• [What you have to do]
Whenever a line below includes the word "edges", copy that line.

• [Information supplied]

──────

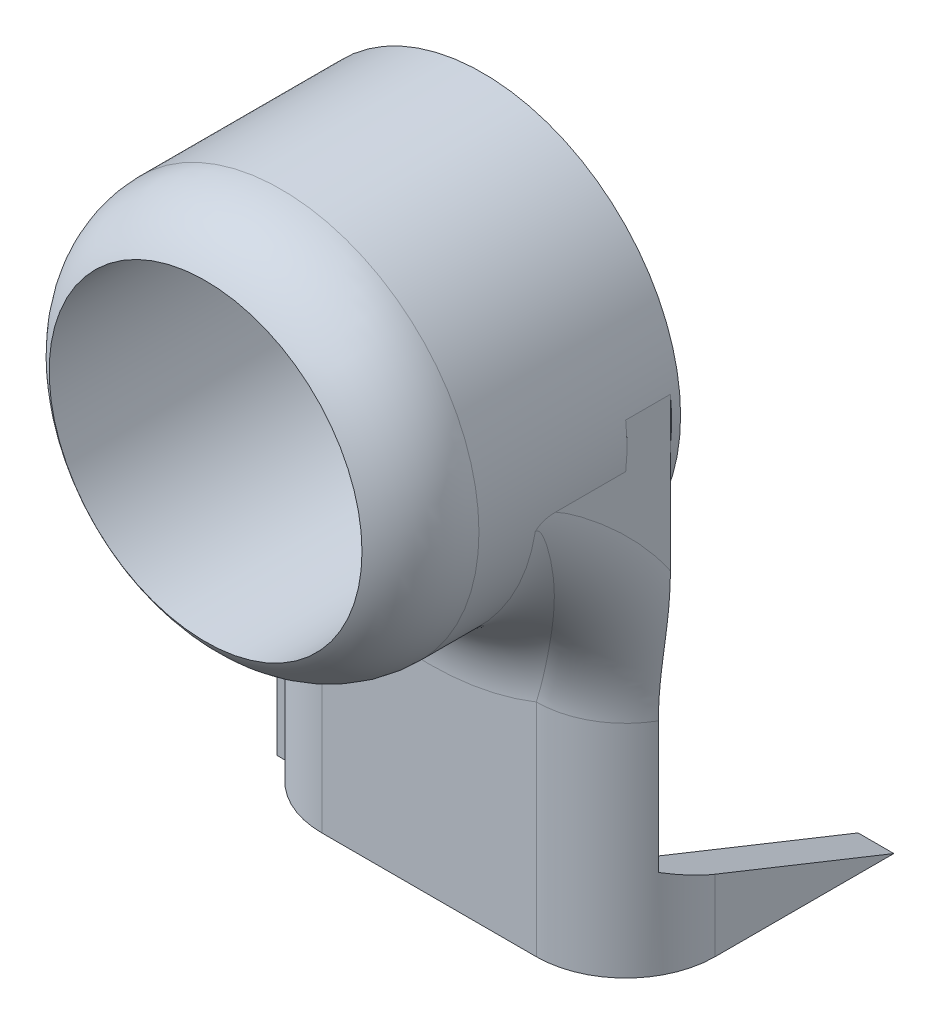
SolidWorks part; units mm, degrees
material "ABS"
ref_plane "Plan de face" through (0, 0, 0) normal (0, 0, 1) x (1, 0, 0)
ref_plane "Plan de dessus" through (0, 0, 0) normal (0, 1, 0) x (1, 0, 0)
ref_plane "Plan de droite" through (0, 0, 0) normal (1, 0, 0) x (0, 0, -1)
sketch "Esquisse1" plane through (0, 0, 0) normal (0, 0, 1) x (1, 0, 0)
  line L0 (0, 0) -> (0, -57)
  line L1 (0, -57) -> (44, -57)
  line L2 (44, -57) -> (44, 0)
  arc A0 (0, 0) -> (44, 0) centre (22, -2.5) cw
  circle A1 centre (22, -2.5) radius 17.5
  dimension "D4" = 35
  dimension "D1" = 57
  dimension "D2" = 44
  dimension "D3" = 2.5
extrude "Boss.-Extru.1" add sketch "Esquisse1" along normal blind 5
sketch "Esquisse2" plane through (0, 0, 5) normal (0, 0, 1) x (1, 0, 0)
  circle A0 centre (22, -2.5) radius 17.5
  circle A1 centre (22, -2.5) radius 22.1416
extrude "Boss.-Extru.2" add sketch "Esquisse2" along normal blind 25
fillet "Congé1" radius 10 1 edges at (22, -24.6416, 5)
sketch "Esquisse3" plane through (44, 0, 0) normal (1, 0, 0) x (0, 0, -1)
  line L0 (0, -47) -> (25, -57)
  line L1 (0, -57) -> (0, 0) construction
  line L2 (25, -57) -> (0, -57)
  line L3 (0, -57) -> (0, -47)
  dimension "D1" = 10
  dimension "D2" = 25
extrude "Boss.-Extru.3" add sketch "Esquisse3" against normal blind 4
sketch "Esquisse4" plane through (0, 0, 0) normal (-1, 0, 0) x (0, 0, 1)
  line L0 (0, -57) -> (-25, -57)
  line L1 (-25, -57) -> (0, -47)
  line L2 (0, 0) -> (0, -57) construction
  line L3 (0, -47) -> (0, -57)
  dimension "D1" = 10
  dimension "D2" = 25
extrude "Boss.-Extru.4" add sketch "Esquisse4" against normal blind 4 separate body
sketch "Esquisse5" plane through (0, 0, 0) normal (0, 0, -1) x (-1, 0, 0)
  circle A0 centre (-22, -2.5) radius 22.1416
extrude "Boss.-Extru.5" add sketch "Esquisse5" along normal blind 1
sketch "Esquisse6" plane through (0, 0, -1) normal (0, 0, -1) x (-1, 0, 0)
  line L0 (-22, -2.5) -> (-12.36, -2.5) construction
  circle A0 centre (-12.36, -2.5) radius 1.25
  circle A1 centre (-22, -12.14) radius 1.25
  circle A2 centre (-31.64, -2.5) radius 1.25
  circle A3 centre (-22, 7.14) radius 1.25
  point P13 (-22, -2.5)
  dimension "D2" = 2.5
  dimension "D1" = 9.64
  dimension "D3" = 4
extrude "Enlèv. mat.-Extru.1" cut sketch "Esquisse6" against normal through all
fillet "Congé2" radius 10 1 edges at (44.1416, -2.5, 30)
fillet "Congé3" radius 10 4 edges at (0, -6.3239, 13.0687) (44, -7.0238, 12.4955) (0, -41.4662, 5) (44, -41.4662, 5)
sketch "Esquisse7" plane through (0, 0, -1) normal (0, 0, -1) x (-1, 0, 0)
  arc A2 (-24, 11) -> (-13.3073, 8.4182) centre (-20.6138, 1.5908) cw construction
  circle A3 centre (-24, 11) radius 2 construction
  circle A4 centre (-13.3073, 8.4182) radius 2 construction
  arc A5 (-25.1282, 12.6514) -> (-11.6577, 9.5491) centre (-20.0149, 4.0576) cw
  arc A6 (-25.1282, 12.6514) -> (-24, 9) centre (-24, 11) ccw
  arc A7 (-11.6577, 9.5491) -> (-13.9308, 6.5179) centre (-13.3073, 8.4182) cw
  arc A8 (-13.9308, 6.5179) -> (-24, 9) centre (-29.1771, -33.6668) ccw
  point P6 (0, 0)
  point P17 (-13.9308, 6.5179)
  dimension "D4" = 10
  dimension "D6" = 4
  dimension "D7" = 10
  dimension "D1" = 58
  dimension "D2" = 16
  dimension "D3" = 11
  dimension "D5" = 42
extrude "Enlèv. mat.-Extru.2" cut sketch "Esquisse7" against normal through all

──────

• [Exercise result]
fillet "Congé1" radius 10 1 edges at (22, -24.6416, 5)
fillet "Congé2" radius 10 1 edges at (44.1416, -2.5, 30)
fillet "Congé3" radius 10 4 edges at (0, -6.3239, 13.0687) (44, -7.0238, 12.4955) (0, -41.4662, 5) (44, -41.4662, 5)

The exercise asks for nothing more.